#  > Desenvolvimento >  > Linguagens de Programação >  >  colocar serviço para inicializar automaticamente no Debian

## estudante

Senhores 

Em outras distribuições sei que se eu quiser colocar algum serviço para inicializar automaticamente no carregamento do linux basta que eu coloque no rc.local o comando que chama o serviço.

Já no Aplinux derivado 100% do Debian Sarge eu faço o seguinte, como exemplo estou utilizando o fetchmail.

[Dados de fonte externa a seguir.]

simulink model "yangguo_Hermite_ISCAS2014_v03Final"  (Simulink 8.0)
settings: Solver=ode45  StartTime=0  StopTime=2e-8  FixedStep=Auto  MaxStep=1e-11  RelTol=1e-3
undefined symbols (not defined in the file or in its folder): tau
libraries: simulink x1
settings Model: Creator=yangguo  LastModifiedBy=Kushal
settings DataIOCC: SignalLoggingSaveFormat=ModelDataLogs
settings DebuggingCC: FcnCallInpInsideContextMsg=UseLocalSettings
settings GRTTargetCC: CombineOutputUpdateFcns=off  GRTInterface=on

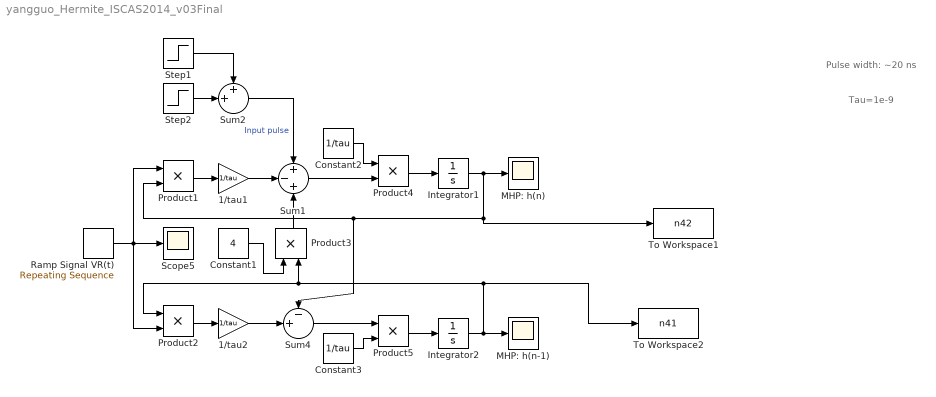
== system yangguo_Hermite_ISCAS2014_v03Final ==
  note: Tau=1e-9
  note: Pulse width: ~20 ns
  1/tau1 : Gain  Gain=1/tau
  1/tau2 : Gain  Gain=1/tau
  Constant1 : Constant  Value=4
  Constant2 : Constant  Value=1/tau
  Constant3 : Constant  Value=1/tau
  Integrator1 : Integrator
  Integrator2 : Integrator
  MHP: h(n) : Scope
      settings: TimeRange=1e-009  YMin=-10000000000000  YMax=10000000000000  SaveName=Hn1  MaxDataPoints=10000
  MHP: h(n-1) : Scope
      settings: SaveName=MHn1  MaxDataPoints=10000
  Product{1..5} (5 alike) : Product  RndMeth=Zero
  Ramp Signal VR(t) : simulink/Sources/Repeating Sequence  rep_seq_t=[0 20e-9]  rep_seq_y=[-5e-9 5e-9]
  Scope5 : Scope
      settings: TimeRange=1e-009  YMin=-10000000000000  YMax=10000000000000  SaveName=Output5  MaxDataPoints=10000
  Step1 : Step  Time=0.19e-8  After=-1e-3  SampleTime=0
  Step2 : Step  Time=0.2e-8  After=1e-3  SampleTime=0
  Sum1 : Sum  Inputs=+-+
  Sum2 : Sum  Inputs=++|
  Sum4 : Sum  Inputs=-+|
  To Workspace1 : ToWorkspace  VariableName=n42  SampleTime=-1
  To Workspace2 : ToWorkspace  VariableName=n41  SampleTime=-1
  wires:
  Constant1/1 -> Product3/1
  Product5/1 -> Integrator2/1
  Constant3/1 -> Product5/2
  Sum4/1 -> Product5/1
  Sum1/1 -> Product4/2
  Constant2/1 -> Product4/1
  Integrator2/1 -> Product2/1, Product3/2, To Workspace2/1, MHP: h(n-1)/1
  Step2/1 -> Sum2/2
  Step1/1 -> Sum2/1
  Sum2/1 -> Sum1/1  "Input pulse"
  Product4/1 -> Integrator1/1
  Product1/1 -> 1/tau1/1
  1/tau2/1 -> Sum4/2
  Product2/1 -> 1/tau2/1
  1/tau1/1 -> Sum1/2
  Product3/1 -> Sum1/3
  Ramp Signal VR(t)/1 -> Scope5/1, Product1/1, Product2/2
  Integrator1/1 -> To Workspace1/1, Sum4/1, Product1/2, MHP: h(n)/1
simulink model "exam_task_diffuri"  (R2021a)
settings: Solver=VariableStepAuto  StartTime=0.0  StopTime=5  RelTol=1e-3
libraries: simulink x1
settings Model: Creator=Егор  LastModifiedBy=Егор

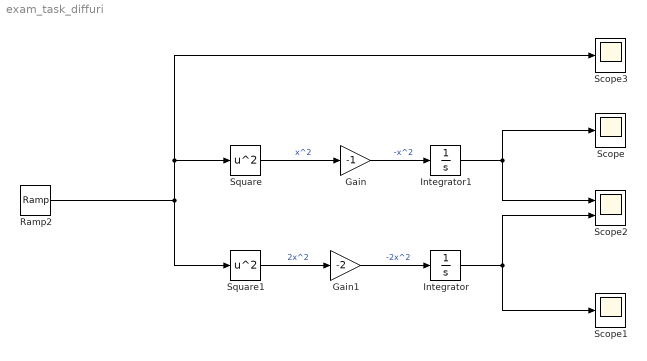
== system exam_task_diffuri ==
  Gain : Gain  Gain=-1
  Gain1 : Gain  Gain=-2
  Integrator : Integrator
  Integrator1 : Integrator
  Ramp2 : simulink/Sources/Ramp  slope=1  start=0  InitialOutput=0
  Scope : Scope
  Scope1 : Scope
  Scope2 : Scope  NumInputPorts=2
  Scope3 : Scope
  Square : Math  Operator=square  SaturateOnIntegerOverflow=on
  Square1 : Math  Operator=square  SaturateOnIntegerOverflow=on
  wires:
  Square/1 -> Gain/1  "x^2"
  Square1/1 -> Gain1/1  "2x^2"
  Integrator1/1 -> Scope2/1, Scope/1
  Integrator/1 -> Scope2/2, Scope1/1
  Gain/1 -> Integrator1/1  "-x^2"
  Gain1/1 -> Integrator/1  "-2x^2"
  Ramp2/1 -> Square1/1, Scope3/1, Square/1

1- crio um arquivo local em /etc/init.d/
2- edito o arquivo local com o seguinte

#! /bin/sh

fetchmail

3- dou um chmod +x /etc/init.d/local
4- por último executo o comando estando dentro do diretório init.d o seguinte:

update-rc.d local defaults 80

ao executar o comando acima a resposta do sistema é imediato, ou seja, percebe-se notoriamente que o comando foi compreendido pelo sistema porém ao reinializar o linux o tal (fetchmail) não inicia.

Pergunto:

Como posso resolver este problema? Preciso colocar serviços para inicializarem junto com o sistema mas não estou conseguindo.

Obrigado desde já

----------


## wrochal

Caro,

Tem duas forma simples de você ativar um script no /etc/init.d, exemplo:

/etc/init.d/script

Você pode criar o link no runlevel

ln -s /etc/init.d/script /etc/rc2.d/S99script

Ou

update-rc.d script start 99 2 3 4 5 .

Basicamente seria isso.

----------